Bishop William E. Lori of Bridgeport, Connecticut has warned the faithful of his diocese that their fight for religious freedom has just begun, despite the defeat of a law that would have stripped authority from Catholic clergy.
In a pastoral letter released in October, entitled “Let Freedom Ring,” Bishop Lori said that authentic religious freedom was coming under fire from legislators, judges and other officials. He warned of a “growing tendency in our state to view religious liberty as a grant to citizens by civil authorities,” rather than a God-given right that the state should acknowledge and protect.
Alongside this misconception, he said, there is a tendency to view religion as an exclusively private matter that must be prevented from influencing society. Some advocates of this view reinterpret the First Amendment as guaranteeing “freedom from religion,” effectively banishing faith from public life.
In his letter, Bishop Lori alluded to some government officials' attempts to obscure authentic religious freedom, by speaking only of believers' relatively narrow “freedom of worship” rather than the “free exercise of religion” that the U.S. Constitution guarantees.
A number of direct threats to the Church in Connecticut prompted Bishop Lori to speak out this fall, including last year's widely-criticized State Bill 1098. The measure's stated purpose was “to revise the corporate governance provisions applicable to the Roman Catholic Church.” It would have effectively barred bishops and clergy from any direct involvement in the administration of parishes.
S.B. 1098 utilized the strategy of limiting the concept of religious freedom, proposing to allow bishops and pastors to control “matters pertaining exclusively to religious tenets and practices” while denying them administrative authority in their parishes.
The bill's sponsors withdrew their proposal after it triggered a statewide uproar and attracted national attention in March 2009. The United States Conference of Catholic Bishops' general counsel Anthony Picarello said the bill was “not even close to constitutional,” and compared it to notorious anti-Catholic laws of the nineteenth century.
While the Connecticut legislature did not pass that bill, it did pass legislation forcing Catholic hospitals to assist in possible chemical abortions after cases of rape. In his pastoral letter, Bishop Lori revisited the 2007 controversy over the “Plan B law,” which he said was “aimed at Catholic hospitals.”

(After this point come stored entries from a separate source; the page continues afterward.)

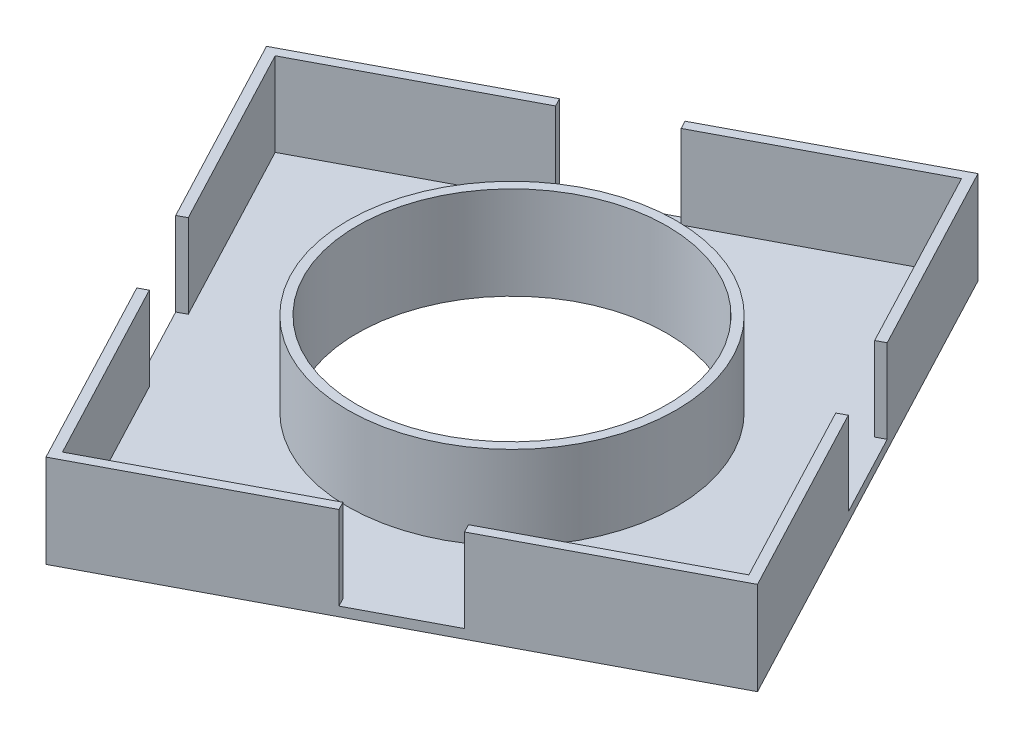
from build123d import *

# Parameters (mm, degrees)
SKETCH2_R           = 50
BOSS_EXTRUDE1_DEPTH = 30
SKETCH6_R           = 2
BOSS_EXTRUDE5_DEPTH = 20
FILLET2_R           = 2
SHELL1_START        = 3
SHELL1_OUTLINE_R    = 53
SHELL1_DEPTH        = 27
CUT_EXTRUDE3_DEPTH  = 27


# Read off the part's stored shape, not the designer's step: Shell1
with BuildPart() as part:
    # Sketch2 → Boss-Extrude1 (new body)
    with BuildSketch(Plane(origin=(0, 0, 0), x_dir=(1, 0, 0), z_dir=(0, 1, 0))):
        Polygon((-35.583006561, -114.820946016), (114.820946016, -35.583006561), (35.583006561, 114.820946016), (-114.820946016, 35.583006561), align=None)
        with Locations(Location((0, 0, 0), (0, 0, 270))):
            Circle(SKETCH2_R, mode=Mode.SUBTRACT)
    extrude(amount=BOSS_EXTRUDE1_DEPTH)

    # Sketch6 → Boss-Extrude5 (add)
    with BuildSketch(Plane(origin=(0, 0, 0), x_dir=(-1, 0, 0), z_dir=(0, -1, 0))):
        with Locations(Location((76.414747812, 23.680927279, 0), (0, 0, 270))):
            Circle(SKETCH6_R)
        with Locations(Location((23.680927279, -76.414747812, 0), (0, 0, 270))):
            Circle(SKETCH6_R)
        with Locations(Location((-76.414747812, -23.680927279, 0), (0, 0, 270))):
            Circle(SKETCH6_R)
        with Locations(Location((-23.680927279, 76.414747812, 0), (0, 0, 270))):
            Circle(SKETCH6_R)
    extrude(amount=BOSS_EXTRUDE5_DEPTH)

    # Fillet2
    fillet2_edges = [part.edges().sort_by_distance(p)[0] for p in [
        (-76.414747812, 0, -25.680927279),
        (-76.414747812, -20, -25.680927279),
        (23.680927279, 0, -78.414747812),
        (23.680927279, -20, -78.414747812),
        (76.414747812, 0, 21.680927279),
        (76.414747812, -20, 21.680927279),
        (-23.680927279, 0, 74.414747812),
        (-23.680927279, -20, 74.414747812),
    ]]
    fillet(fillet2_edges, radius=FILLET2_R)

    # Shell1 outline → Shell1 (cut)
    with BuildSketch(Plane(origin=(0, 0, 0), x_dir=(1, 0, 0), z_dir=(0, 1, 0)).offset(SHELL1_START)):
        Polygon((110.768442039, -34.327135741), (34.327135741, 110.768442039), (-110.768442039, 34.327135741), (-34.327135741, -110.768442039), align=None)
        Circle(SHELL1_OUTLINE_R, mode=Mode.SUBTRACT)
    extrude(amount=SHELL1_DEPTH, mode=Mode.SUBTRACT)

    # Sketch7 → Cut-Extrude3 (cut)
    with BuildSketch(Plane(origin=(0, 30, 0), x_dir=(1, 0, 0), z_dir=(0, 1, 0))):
        Polygon((79.539371783, 24.949716157), (82.193559182, 26.348032736), (68.210393395, 52.88990672), (65.556205997, 51.491590141), align=None)
        Polygon((51.491590141, -65.556205997), (24.949716157, -79.539371783), (26.348032736, -82.193559182), (52.88990672, -68.210393395), align=None)
        Polygon((-65.556205997, -51.491590141), (-79.539371783, -24.949716157), (-82.193559182, -26.348032736), (-68.210393395, -52.88990672), align=None)
        Polygon((-51.491590141, 65.556205997), (-24.949716157, 79.539371783), (-26.348032736, 82.193559182), (-52.88990672, 68.210393395), align=None)
    extrude(amount=-CUT_EXTRUDE3_DEPTH, mode=Mode.SUBTRACT)


solid = part.part
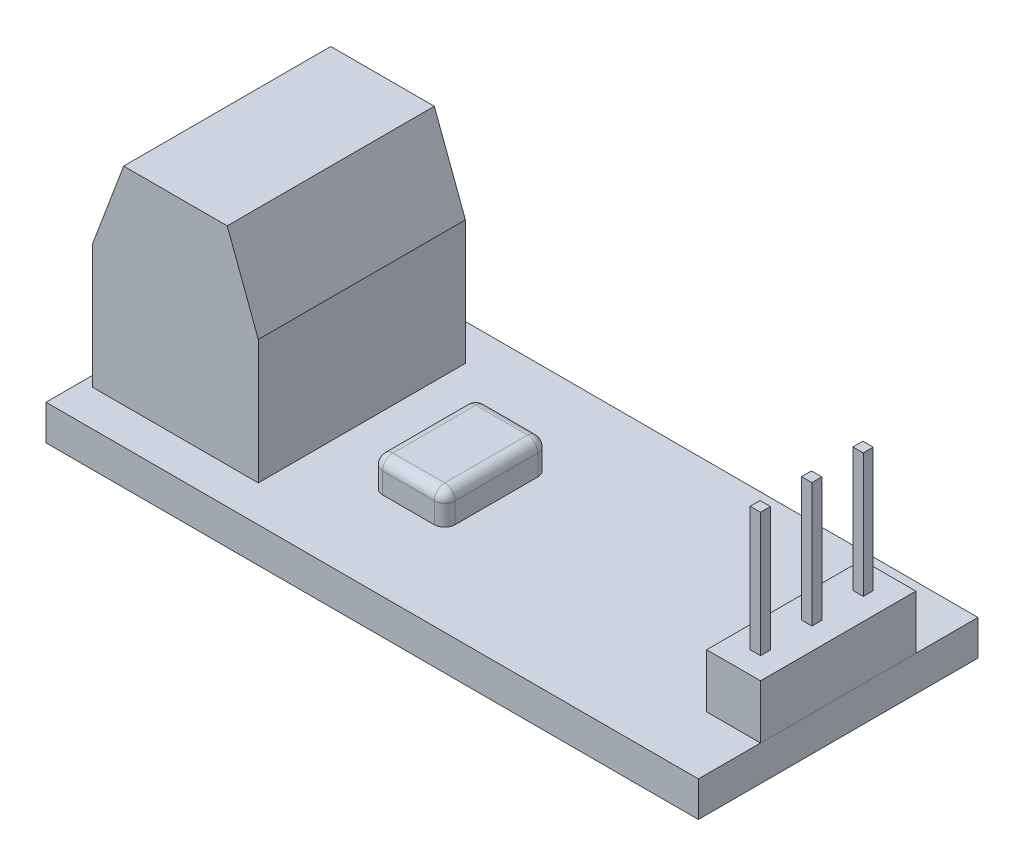
from build123d import *

# Parameters (mm, degrees)
CROQUIS1_W                = 31.5
CROQUIS1_H                = 13.5
SALIENTE_EXTRUIR1_DEPTH   = 1.7
CROQUIS2_W                = 2.6
CROQUIS2_H                = 7.5
SALIENTE_EXTRUIR2_DEPTH   = 2.6
CROQUIS3_W                = 0.5
CROQUIS3_H                = 0.480769231
SALIENTE_EXTRUIR3_DEPTH   = 6
CROQUIS3_H_2              = 0.48076923
SALIENTE_EXTRUIR3_2_DEPTH = 6
SALIENTE_EXTRUIR3_3_DEPTH = 6
CROQUIS4_W                = 8
CROQUIS4_H                = 10
SALIENTE_EXTRUIR4_DEPTH   = 10
CORTAR_EXTRUIR1_DEPTH     = 23.869521202
CROQUIS6_W                = 3.5
CROQUIS6_H                = 5
SALIENTE_EXTRUIR5_DEPTH   = 1.5
REDONDEO1_R               = 0.5


with BuildPart() as part:
    # Croquis1 → Saliente-Extruir1 (new body)
    with BuildSketch(Plane(origin=(0, 0, 0), x_dir=(1, 0, 0), z_dir=(0, 1, 0))):
        Rectangle(CROQUIS1_W, CROQUIS1_H)
    extrude(amount=SALIENTE_EXTRUIR1_DEPTH)


with BuildPart() as body_2:
    # Croquis2 → Saliente-Extruir2 (new body)
    with BuildSketch(Plane(origin=(0, 1.7, 0), x_dir=(1, 0, 0), z_dir=(0, 1, 0))):
        with Locations((14.45, 0)):
            Rectangle(CROQUIS2_W, CROQUIS2_H)
    extrude(amount=SALIENTE_EXTRUIR2_DEPTH)


with BuildPart() as body_3:
    # Croquis3 → Saliente-Extruir3 (new body)
    with BuildSketch(Plane(origin=(0, 4.3, 0), x_dir=(1, 0, 0), z_dir=(0, 1, 0))):
        with Locations((14.45, 0.01923077)):
            Rectangle(CROQUIS3_W, CROQUIS3_H)
    extrude(amount=SALIENTE_EXTRUIR3_DEPTH)


with BuildPart() as body_4:
    # Croquis3 → Saliente-Extruir3 2 (new body)
    with BuildSketch(Plane(origin=(0, 4.3, 0), x_dir=(1, 0, 0), z_dir=(0, 1, 0))):
        with Locations((14.45, 2.5)):
            Rectangle(CROQUIS3_W, CROQUIS3_H_2)
    extrude(amount=SALIENTE_EXTRUIR3_2_DEPTH)


with BuildPart() as body_5:
    # Croquis3 → Saliente-Extruir3 3 (new body)
    with BuildSketch(Plane(origin=(0, 4.3, 0), x_dir=(1, 0, 0), z_dir=(0, 1, 0))):
        with Locations((14.45, -2.461538461)):
            Rectangle(CROQUIS3_W, CROQUIS3_H)
    extrude(amount=SALIENTE_EXTRUIR3_3_DEPTH)


with BuildPart() as body_6:
    # Croquis4 → Saliente-Extruir4 (new body)
    with BuildSketch(Plane(origin=(0, 1.7, 0), x_dir=(1, 0, 0), z_dir=(0, 1, 0))):
        with Locations((-11.25, 0)):
            Rectangle(CROQUIS4_W, CROQUIS4_H)
    extrude(amount=SALIENTE_EXTRUIR4_DEPTH)

    # Croquis5 → Cortar-Extruir1 (cut, through all)
    with BuildSketch(Plane.XY.offset(5)):
        Polygon((-8.75, 11.7), (-7.25, 7.7), (-7.25, 11.7), align=None)
        Polygon((-15.25, 7.7), (-15.25, 11.7), (-13.75, 11.7), align=None)
    extrude(amount=-CORTAR_EXTRUIR1_DEPTH, mode=Mode.SUBTRACT)


with BuildPart() as body_7:
    # Croquis6 → Saliente-Extruir5 (new body)
    with BuildSketch(Plane(origin=(0, 1.7, 0), x_dir=(1, 0, 0), z_dir=(0, 1, 0))):
        with Locations((-2.5, 0)):
            Rectangle(CROQUIS6_W, CROQUIS6_H)
    extrude(amount=SALIENTE_EXTRUIR5_DEPTH)

    # Redondeo1
    redondeo1_edges = [body_7.edges().sort_by_distance(p)[0] for p in [
        (-4.25, 2.45, -2.5),
        (-0.75, 2.45, -2.5),
        (-4.25, 2.45, 2.5),
        (-0.75, 2.45, 2.5),
        (-2.5, 3.2, -2.5),
        (-4.25, 3.2, 0),
        (-2.5, 3.2, 2.5),
        (-0.75, 3.2, 0),
    ]]
    fillet(redondeo1_edges, radius=REDONDEO1_R)


solid = Compound([part.part, body_2.part, body_3.part, body_4.part, body_5.part, body_6.part, body_7.part])
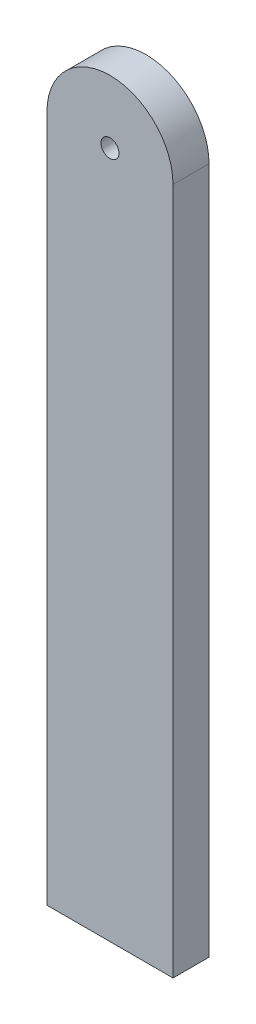
from build123d import *

# Parameters (mm, degrees)
SKETCH1_R           = 4.7625
BOSS_EXTRUDE1_DEPTH = 9.525


with BuildPart() as part:
    # Sketch1 → Boss-Extrude1 (new, symmetric)
    with BuildSketch(Plane.XY):
        with BuildLine():
            Line((33.3375, -198.4375), (-33.3375, -198.4375))
            Line((-33.3375, -198.4375), (-33.3375, 165.1))
            ThreePointArc((-33.3375, 165.1), (0, 198.4375), (33.3375, 165.1))
            Line((33.3375, 165.1), (33.3375, -198.4375))
        make_face()
        with Locations((0, 165.1)):
            Circle(SKETCH1_R, mode=Mode.SUBTRACT)
    extrude(amount=BOSS_EXTRUDE1_DEPTH, both=True)


solid = part.part
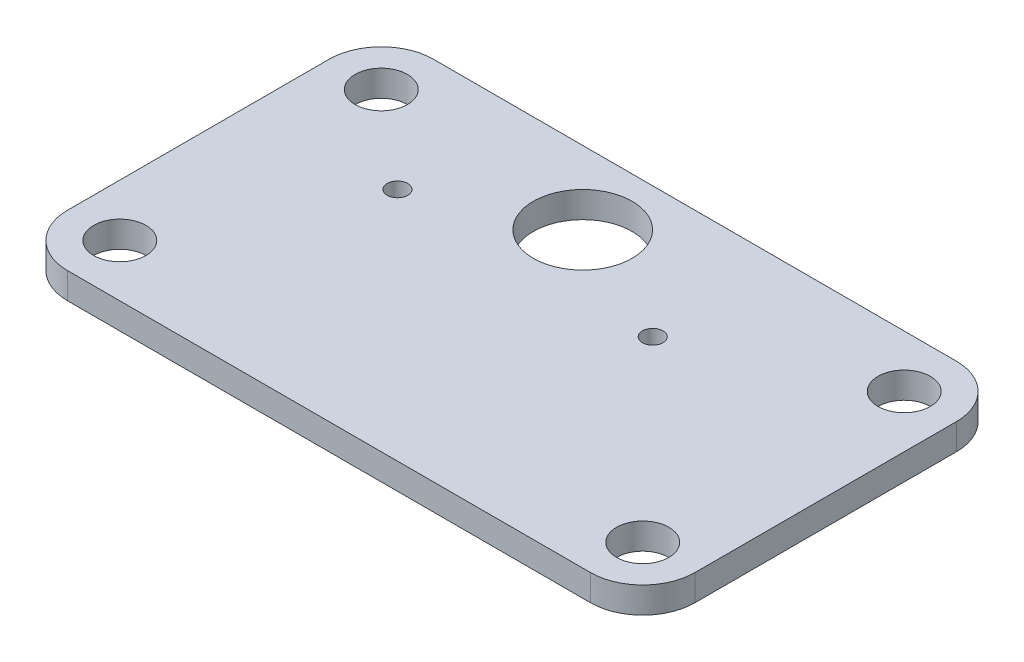
from build123d import *

# Parameters (mm, degrees)
BASE_FLANGE1_DEPTH = 3.175
SKETCH6_R          = 3.175
SKETCH6_R_2        = 6
SKETCH6_R_3        = 1.25
CUT_EXTRUDE1_DEPTH = 52.612064057


# Sheet-metal steps are written as plain solids
with BuildPart() as part:
    # Sketch1 → Base-Flange1 (new body)
    with BuildSketch(Plane(origin=(0, 0, 0), x_dir=(1, 0, 0), z_dir=(0, 1, 0))):
        with BuildLine():
            Line((36.5125, -28.575), (-26.9875, -28.575))
            ThreePointArc((-26.9875, -28.575), (-31.477628061, -26.715128061), (-33.3375, -22.225))
            Line((-33.3375, -22.225), (-33.3375, 9.525))
            ThreePointArc((-33.3375, 9.525), (-31.477628061, 14.015128061), (-26.9875, 15.875))
            Line((-26.9875, 15.875), (36.5125, 15.875))
            ThreePointArc((36.5125, 15.875), (41.002628061, 14.015128061), (42.8625, 9.525))
            Line((42.8625, 9.525), (42.8625, -22.225))
            ThreePointArc((42.8625, -22.225), (41.002628061, -26.715128061), (36.5125, -28.575))
        make_face()
    extrude(amount=-BASE_FLANGE1_DEPTH)

    # Sketch6 → Cut-Extrude1 (cut, through all)
    with BuildSketch(Plane(origin=(0, 0, 0), x_dir=(1, 0, 0), z_dir=(0, 1, 0))):
        with Locations(Location((-26.9875, 9.525, 0), (0, 0, 270))):
            Circle(SKETCH6_R)
        with Locations(Location((-26.9875, -22.225, 0), (0, 0, 270))):
            Circle(SKETCH6_R)
        with Locations(Location((36.5125, 9.525, 0), (0, 0, 270))):
            Circle(SKETCH6_R)
        with Locations(Location((36.5125, -22.225, 0), (0, 0, 270))):
            Circle(SKETCH6_R)
        with Locations(Location((0, 7, 0), (0, 0, 270))):
            Circle(SKETCH6_R_2)
        with Locations(Location((-15.5, 0, 0), (0, 0, 270))):
            Circle(SKETCH6_R_3)
        with Locations(Location((15.5, 0, 0), (0, 0, 270))):
            Circle(SKETCH6_R_3)
    extrude(amount=-CUT_EXTRUDE1_DEPTH, mode=Mode.SUBTRACT)


solid = part.part

That law forbade medical professionals from administering an ovulation test to determine whether a rape victim's use of emergency contraception might cause an abortion. Only by examining both a pregnancy test and an ovulation test, can physicians know whether the drug endangers a human life.
After attempting to fight the law, Bishop Lori stated in 2007 that “reluctant compliance” was “the only viable option.” The state's Catholic hospitals currently provide the drug after performing only the pregnancy test, despite the documented risk of chemical abortions.
Commenting on the matter in his recent letter, Bishop Lori said the “Plan B law” had severely harmed the religious freedom and conscience rights of all citizens, especially healthcare professionals.
Bishop Lori also called attention to his state's redefinition of marriage as any union of two consenting adults. That redefinition occurred, in his words, “not because (Connecticut) citizens voted for it, but rather because four justices of the Supreme Court decided that traditional marriage between a man and a woman has 'no rational basis'.”
The decision, he remarked, establishes in law the unreasonable principle that marriage has nothing to do with either procreation or the raising of children.
Bishop Lori noted that the Church struggles legally and financially due to liability burdens. Connecticut's statute of limitations on civil claims of sexual abuse is 30 years, an unusually long period that allows virtually anyone to ensnare the diocese in a lawsuit long after the accused person or any possible witnesses have died.
By comparison, he noted that state institutions such as schools and juvenile detention facilities are “virtually immune from these kinds of lawsuits,” even though incidents of sexual abuse of minors in public institutions is “much greater than that which occurred in the Catholic Church.”
In regard to Catholic schools, Bishop Lori lamented that the state of Connecticut fails to provide many basic forms of support to Catholic schools that the U.S. Supreme Court has found to be constitutional. As an example he cited the fact that the state also does not allow education majors, even those at Catholic universities, to work toward their certification by student-teaching in any private school.
In response to these challenges, the Bishop of Bridgeport urged the faithful in his diocese and other concerned Catholics to inform themselves about the issues at stake, and defend religious freedom on all possible fronts– from water-cooler conversations and family gatherings, to the White House and the Supreme Court.
To this end, he recommended several methods, including prayer for public officials, vigilant political participation through voting and contact with one's representatives, and the study and practice of Catholic social teaching. He urged Catholics to follow the work of local conferences –such as the Connecticut Catholic Public Affairs Conference– that speak for the bishops on matters of public policy.
“It is also important,” the bishop urged, “that good men and women – with skills, virtues, and values – run for public office.” While noting that the calling to political life was a difficult one, he also spoke of the possibility for candidates with integrity “to recoup the moral consensus” that America's founding fathers considered central to democracy.
“A great need exists, for those who understand how to bring the truths, virtues, and values that flow from faith and reason into public life,” he observed.